## WORKING DATA
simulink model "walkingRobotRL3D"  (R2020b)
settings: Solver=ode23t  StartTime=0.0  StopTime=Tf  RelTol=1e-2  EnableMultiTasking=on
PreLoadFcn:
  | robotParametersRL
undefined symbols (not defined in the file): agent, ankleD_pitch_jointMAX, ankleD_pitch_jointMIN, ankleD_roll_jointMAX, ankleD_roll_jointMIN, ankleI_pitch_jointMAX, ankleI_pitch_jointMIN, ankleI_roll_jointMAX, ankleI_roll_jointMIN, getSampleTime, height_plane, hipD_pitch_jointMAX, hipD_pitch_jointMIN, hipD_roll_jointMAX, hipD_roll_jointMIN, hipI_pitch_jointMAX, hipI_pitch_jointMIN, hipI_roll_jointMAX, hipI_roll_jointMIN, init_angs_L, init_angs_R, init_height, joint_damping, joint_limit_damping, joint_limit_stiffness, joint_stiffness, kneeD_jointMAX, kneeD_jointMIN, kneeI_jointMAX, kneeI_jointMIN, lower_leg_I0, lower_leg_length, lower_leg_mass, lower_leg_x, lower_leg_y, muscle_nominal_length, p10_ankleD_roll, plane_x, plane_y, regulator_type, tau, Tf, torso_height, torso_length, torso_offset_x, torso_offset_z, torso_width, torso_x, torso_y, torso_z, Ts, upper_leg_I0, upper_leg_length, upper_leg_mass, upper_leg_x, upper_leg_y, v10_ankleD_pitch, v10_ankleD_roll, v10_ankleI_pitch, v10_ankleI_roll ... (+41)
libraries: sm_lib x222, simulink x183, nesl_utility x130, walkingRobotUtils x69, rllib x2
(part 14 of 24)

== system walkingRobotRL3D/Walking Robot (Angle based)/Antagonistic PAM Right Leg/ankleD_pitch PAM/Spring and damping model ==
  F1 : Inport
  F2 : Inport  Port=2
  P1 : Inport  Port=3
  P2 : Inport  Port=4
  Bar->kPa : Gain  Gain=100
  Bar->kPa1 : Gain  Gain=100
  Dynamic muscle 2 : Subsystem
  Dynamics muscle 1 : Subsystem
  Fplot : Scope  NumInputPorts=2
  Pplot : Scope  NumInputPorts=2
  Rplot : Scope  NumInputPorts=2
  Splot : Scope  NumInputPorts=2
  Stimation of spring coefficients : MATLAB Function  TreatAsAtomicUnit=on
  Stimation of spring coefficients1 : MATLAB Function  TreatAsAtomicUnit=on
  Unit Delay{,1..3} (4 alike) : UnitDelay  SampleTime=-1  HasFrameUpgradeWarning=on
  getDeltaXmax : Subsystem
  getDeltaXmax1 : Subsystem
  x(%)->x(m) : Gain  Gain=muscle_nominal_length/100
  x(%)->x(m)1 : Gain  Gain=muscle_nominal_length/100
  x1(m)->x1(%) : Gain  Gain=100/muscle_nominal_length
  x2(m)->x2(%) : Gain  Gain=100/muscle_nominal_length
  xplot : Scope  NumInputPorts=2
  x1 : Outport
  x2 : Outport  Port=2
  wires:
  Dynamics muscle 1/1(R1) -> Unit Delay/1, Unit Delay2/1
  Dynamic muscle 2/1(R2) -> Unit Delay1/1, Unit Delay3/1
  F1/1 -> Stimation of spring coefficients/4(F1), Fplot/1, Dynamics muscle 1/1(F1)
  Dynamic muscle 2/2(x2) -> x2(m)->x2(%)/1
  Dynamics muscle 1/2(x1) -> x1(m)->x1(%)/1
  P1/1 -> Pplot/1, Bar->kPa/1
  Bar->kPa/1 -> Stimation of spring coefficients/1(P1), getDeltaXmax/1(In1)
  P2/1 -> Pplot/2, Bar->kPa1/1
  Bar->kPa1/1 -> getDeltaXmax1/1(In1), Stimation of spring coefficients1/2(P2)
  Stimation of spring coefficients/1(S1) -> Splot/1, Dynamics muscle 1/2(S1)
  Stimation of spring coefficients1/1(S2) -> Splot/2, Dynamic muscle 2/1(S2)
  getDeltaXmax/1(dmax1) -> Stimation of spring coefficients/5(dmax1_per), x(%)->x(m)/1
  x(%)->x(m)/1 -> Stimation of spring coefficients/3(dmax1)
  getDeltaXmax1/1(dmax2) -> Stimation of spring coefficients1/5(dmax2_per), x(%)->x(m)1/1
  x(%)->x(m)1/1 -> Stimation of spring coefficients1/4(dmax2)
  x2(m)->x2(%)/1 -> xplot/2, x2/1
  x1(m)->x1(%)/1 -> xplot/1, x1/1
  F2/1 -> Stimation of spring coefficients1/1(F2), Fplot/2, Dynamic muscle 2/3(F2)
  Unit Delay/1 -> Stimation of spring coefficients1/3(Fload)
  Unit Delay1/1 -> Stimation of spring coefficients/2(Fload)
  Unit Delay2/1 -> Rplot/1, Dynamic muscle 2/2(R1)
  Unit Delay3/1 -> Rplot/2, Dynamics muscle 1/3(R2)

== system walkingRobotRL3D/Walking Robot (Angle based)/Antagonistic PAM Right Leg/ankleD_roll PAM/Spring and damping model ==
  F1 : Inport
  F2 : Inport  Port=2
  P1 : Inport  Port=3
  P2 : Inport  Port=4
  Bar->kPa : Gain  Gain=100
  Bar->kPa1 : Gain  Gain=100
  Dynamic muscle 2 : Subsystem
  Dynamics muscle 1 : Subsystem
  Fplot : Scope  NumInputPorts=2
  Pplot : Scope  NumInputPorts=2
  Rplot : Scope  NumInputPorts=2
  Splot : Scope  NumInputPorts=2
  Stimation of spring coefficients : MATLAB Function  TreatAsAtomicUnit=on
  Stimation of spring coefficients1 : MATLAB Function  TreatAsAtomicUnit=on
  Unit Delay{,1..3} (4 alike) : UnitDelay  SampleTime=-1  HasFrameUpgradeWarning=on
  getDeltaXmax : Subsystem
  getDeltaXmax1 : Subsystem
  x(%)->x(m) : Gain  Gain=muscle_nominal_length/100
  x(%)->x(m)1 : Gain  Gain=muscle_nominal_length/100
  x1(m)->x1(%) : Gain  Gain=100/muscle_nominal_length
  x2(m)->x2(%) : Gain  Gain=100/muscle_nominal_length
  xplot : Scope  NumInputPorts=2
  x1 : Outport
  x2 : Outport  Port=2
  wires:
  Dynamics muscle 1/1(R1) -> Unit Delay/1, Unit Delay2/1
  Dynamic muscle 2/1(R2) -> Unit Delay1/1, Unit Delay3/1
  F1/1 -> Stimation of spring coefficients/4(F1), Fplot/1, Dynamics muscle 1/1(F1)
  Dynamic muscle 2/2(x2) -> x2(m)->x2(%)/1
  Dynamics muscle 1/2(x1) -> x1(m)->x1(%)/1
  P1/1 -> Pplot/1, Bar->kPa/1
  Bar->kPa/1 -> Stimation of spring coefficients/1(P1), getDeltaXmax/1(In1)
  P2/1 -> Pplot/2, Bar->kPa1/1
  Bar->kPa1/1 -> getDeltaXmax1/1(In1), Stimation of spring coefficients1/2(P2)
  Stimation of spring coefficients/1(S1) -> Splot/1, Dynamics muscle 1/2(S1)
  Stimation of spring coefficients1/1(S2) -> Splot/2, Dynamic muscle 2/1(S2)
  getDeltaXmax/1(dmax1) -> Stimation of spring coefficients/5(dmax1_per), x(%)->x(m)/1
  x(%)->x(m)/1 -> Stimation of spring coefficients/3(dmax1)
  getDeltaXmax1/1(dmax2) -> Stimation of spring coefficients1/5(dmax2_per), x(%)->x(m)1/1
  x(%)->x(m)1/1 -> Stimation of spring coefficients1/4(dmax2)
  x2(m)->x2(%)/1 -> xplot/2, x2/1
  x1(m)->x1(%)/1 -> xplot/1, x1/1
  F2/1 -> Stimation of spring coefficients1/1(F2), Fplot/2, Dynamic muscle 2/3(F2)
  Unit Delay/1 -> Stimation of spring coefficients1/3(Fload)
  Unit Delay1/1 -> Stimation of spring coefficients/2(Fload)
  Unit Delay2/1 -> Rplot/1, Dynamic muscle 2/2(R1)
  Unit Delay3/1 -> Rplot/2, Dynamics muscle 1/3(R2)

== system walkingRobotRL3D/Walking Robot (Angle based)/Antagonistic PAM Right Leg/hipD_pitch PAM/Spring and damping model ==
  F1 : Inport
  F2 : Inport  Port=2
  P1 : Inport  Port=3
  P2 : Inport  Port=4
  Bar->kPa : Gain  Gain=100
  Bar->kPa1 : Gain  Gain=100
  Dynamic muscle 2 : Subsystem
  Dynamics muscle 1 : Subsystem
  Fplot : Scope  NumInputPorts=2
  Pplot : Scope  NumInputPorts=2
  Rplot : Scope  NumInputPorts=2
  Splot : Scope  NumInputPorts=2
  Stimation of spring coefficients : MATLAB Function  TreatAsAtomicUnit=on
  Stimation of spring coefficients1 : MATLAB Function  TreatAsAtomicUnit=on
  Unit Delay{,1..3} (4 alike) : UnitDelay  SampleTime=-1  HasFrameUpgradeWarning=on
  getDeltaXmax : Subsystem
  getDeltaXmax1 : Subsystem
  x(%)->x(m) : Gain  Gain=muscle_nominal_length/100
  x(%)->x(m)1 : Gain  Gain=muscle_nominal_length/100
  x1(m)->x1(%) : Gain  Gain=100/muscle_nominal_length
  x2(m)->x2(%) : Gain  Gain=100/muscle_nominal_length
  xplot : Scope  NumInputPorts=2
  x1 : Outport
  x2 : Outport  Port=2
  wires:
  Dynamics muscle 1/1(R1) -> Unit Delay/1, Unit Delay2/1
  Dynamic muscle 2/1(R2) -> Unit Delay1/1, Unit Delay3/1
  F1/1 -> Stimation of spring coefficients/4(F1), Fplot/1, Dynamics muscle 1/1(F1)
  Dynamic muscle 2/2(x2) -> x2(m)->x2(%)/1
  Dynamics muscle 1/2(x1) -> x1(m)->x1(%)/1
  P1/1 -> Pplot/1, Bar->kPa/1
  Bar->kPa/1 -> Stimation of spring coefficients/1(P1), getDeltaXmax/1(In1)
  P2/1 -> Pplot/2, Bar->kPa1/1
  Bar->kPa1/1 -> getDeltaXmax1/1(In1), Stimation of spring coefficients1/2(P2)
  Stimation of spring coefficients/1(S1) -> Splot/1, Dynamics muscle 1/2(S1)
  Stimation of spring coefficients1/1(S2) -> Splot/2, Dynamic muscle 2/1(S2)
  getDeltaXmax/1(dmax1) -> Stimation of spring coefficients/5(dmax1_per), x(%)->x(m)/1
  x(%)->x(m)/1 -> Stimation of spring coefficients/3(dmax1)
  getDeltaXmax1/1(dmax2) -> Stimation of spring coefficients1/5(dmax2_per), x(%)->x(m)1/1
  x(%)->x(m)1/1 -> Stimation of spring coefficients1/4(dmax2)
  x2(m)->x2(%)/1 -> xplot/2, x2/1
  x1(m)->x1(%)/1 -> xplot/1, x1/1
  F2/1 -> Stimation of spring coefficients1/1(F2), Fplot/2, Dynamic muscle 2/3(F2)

## THE PROBLEM
For each line of the data that has the word "based", report that line.

## RESULT OF THIS EXERCISE
== system walkingRobotRL3D/Walking Robot (Angle based)/Antagonistic PAM Right Leg/ankleD_pitch PAM/Spring and damping model ==
== system walkingRobotRL3D/Walking Robot (Angle based)/Antagonistic PAM Right Leg/ankleD_roll PAM/Spring and damping model ==
== system walkingRobotRL3D/Walking Robot (Angle based)/Antagonistic PAM Right Leg/hipD_pitch PAM/Spring and damping model ==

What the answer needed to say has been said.